A certeza veio logo nas primeiras horas da manhã, quando, atrasados, já que os relógios pararam em plena madrugada em algum minuto entre as três e as quatro horas, foram todos para o banho: água fria, nenhuma luz.

Chegaram à calçada, e nela à certeza de que algo mais estranho acontecia: pessoas andando sem rumo, carros largados no meio das ruas, muita inquietação. Falando uns com os outros, souberam o que já sabemos: nada funcionava.

E aí, de repente, deram-se conta das pessoas com quem não falavam, da família que não viam há tempos (ainda que, em muitos casos, vivessem sob o mesmo teto), dos amigos que seguiram caminhos diferentes; tudo por causa de uma simples e imediata questão, ou seja, como é que estariam.

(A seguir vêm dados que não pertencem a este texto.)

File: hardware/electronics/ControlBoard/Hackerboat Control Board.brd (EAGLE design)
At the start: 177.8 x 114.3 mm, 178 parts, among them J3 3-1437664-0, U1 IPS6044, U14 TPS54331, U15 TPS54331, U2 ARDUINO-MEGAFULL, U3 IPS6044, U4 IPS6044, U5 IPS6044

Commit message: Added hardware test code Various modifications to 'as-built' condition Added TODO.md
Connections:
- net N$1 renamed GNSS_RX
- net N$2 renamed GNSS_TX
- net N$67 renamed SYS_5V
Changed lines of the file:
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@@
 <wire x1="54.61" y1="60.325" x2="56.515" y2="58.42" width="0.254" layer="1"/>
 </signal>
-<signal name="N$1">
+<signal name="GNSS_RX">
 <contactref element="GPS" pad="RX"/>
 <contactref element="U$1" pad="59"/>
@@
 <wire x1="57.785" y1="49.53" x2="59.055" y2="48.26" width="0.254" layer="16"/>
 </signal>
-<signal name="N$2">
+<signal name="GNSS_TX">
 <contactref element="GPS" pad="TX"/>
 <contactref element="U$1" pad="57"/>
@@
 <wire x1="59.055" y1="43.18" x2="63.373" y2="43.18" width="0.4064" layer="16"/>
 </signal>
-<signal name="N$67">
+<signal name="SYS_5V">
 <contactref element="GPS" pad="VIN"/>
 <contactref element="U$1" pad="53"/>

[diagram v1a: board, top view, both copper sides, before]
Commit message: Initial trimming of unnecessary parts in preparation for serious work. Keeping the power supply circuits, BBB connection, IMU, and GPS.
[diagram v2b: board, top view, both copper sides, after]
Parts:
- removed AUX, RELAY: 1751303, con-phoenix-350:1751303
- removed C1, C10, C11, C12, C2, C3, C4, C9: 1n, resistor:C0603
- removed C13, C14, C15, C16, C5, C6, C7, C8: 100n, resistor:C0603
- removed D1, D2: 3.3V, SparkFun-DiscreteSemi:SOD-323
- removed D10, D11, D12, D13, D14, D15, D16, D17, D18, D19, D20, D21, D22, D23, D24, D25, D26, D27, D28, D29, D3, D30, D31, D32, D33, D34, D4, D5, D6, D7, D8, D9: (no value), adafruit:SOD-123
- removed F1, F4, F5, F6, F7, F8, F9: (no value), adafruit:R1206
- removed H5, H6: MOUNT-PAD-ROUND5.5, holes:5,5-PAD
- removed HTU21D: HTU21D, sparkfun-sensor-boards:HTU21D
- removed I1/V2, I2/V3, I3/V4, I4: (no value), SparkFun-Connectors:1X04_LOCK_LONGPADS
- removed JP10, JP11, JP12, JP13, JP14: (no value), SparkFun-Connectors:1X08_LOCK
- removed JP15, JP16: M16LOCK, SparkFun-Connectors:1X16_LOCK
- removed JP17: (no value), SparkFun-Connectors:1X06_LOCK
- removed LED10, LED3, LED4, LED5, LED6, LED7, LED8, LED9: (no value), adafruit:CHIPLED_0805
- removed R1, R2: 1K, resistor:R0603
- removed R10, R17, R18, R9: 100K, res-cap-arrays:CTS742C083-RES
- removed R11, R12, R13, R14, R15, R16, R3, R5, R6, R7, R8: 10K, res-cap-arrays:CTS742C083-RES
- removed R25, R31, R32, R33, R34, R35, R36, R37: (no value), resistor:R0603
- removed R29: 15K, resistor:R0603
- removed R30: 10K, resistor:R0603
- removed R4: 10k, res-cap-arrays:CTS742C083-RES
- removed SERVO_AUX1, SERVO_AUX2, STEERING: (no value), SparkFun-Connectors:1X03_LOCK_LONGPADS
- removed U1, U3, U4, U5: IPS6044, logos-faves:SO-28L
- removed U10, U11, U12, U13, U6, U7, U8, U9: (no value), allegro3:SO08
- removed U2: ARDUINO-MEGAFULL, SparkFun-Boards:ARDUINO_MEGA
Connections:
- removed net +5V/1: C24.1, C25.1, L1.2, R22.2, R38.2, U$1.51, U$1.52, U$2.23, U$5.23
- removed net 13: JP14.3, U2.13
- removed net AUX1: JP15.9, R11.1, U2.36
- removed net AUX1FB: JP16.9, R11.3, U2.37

Claro, houve quem julgasse ser o fim do mundo. Quem julgasse ser invasão alienígena. Quem julgasse ser alguma coisa orquestrada pelos Estados Unidos. Quem julgasse qualquer coisa.

Pouco a pouco, foram se encontrando: os vizinhos, cujos nomes era o máximo que sabiam, parentes que viviam próximos e saíram uns à procura dos outros, e desconhecidos que, de repente, passaram a ter nome, e cor, e rosto, e passado, e, se houvesse para todos, também futuro.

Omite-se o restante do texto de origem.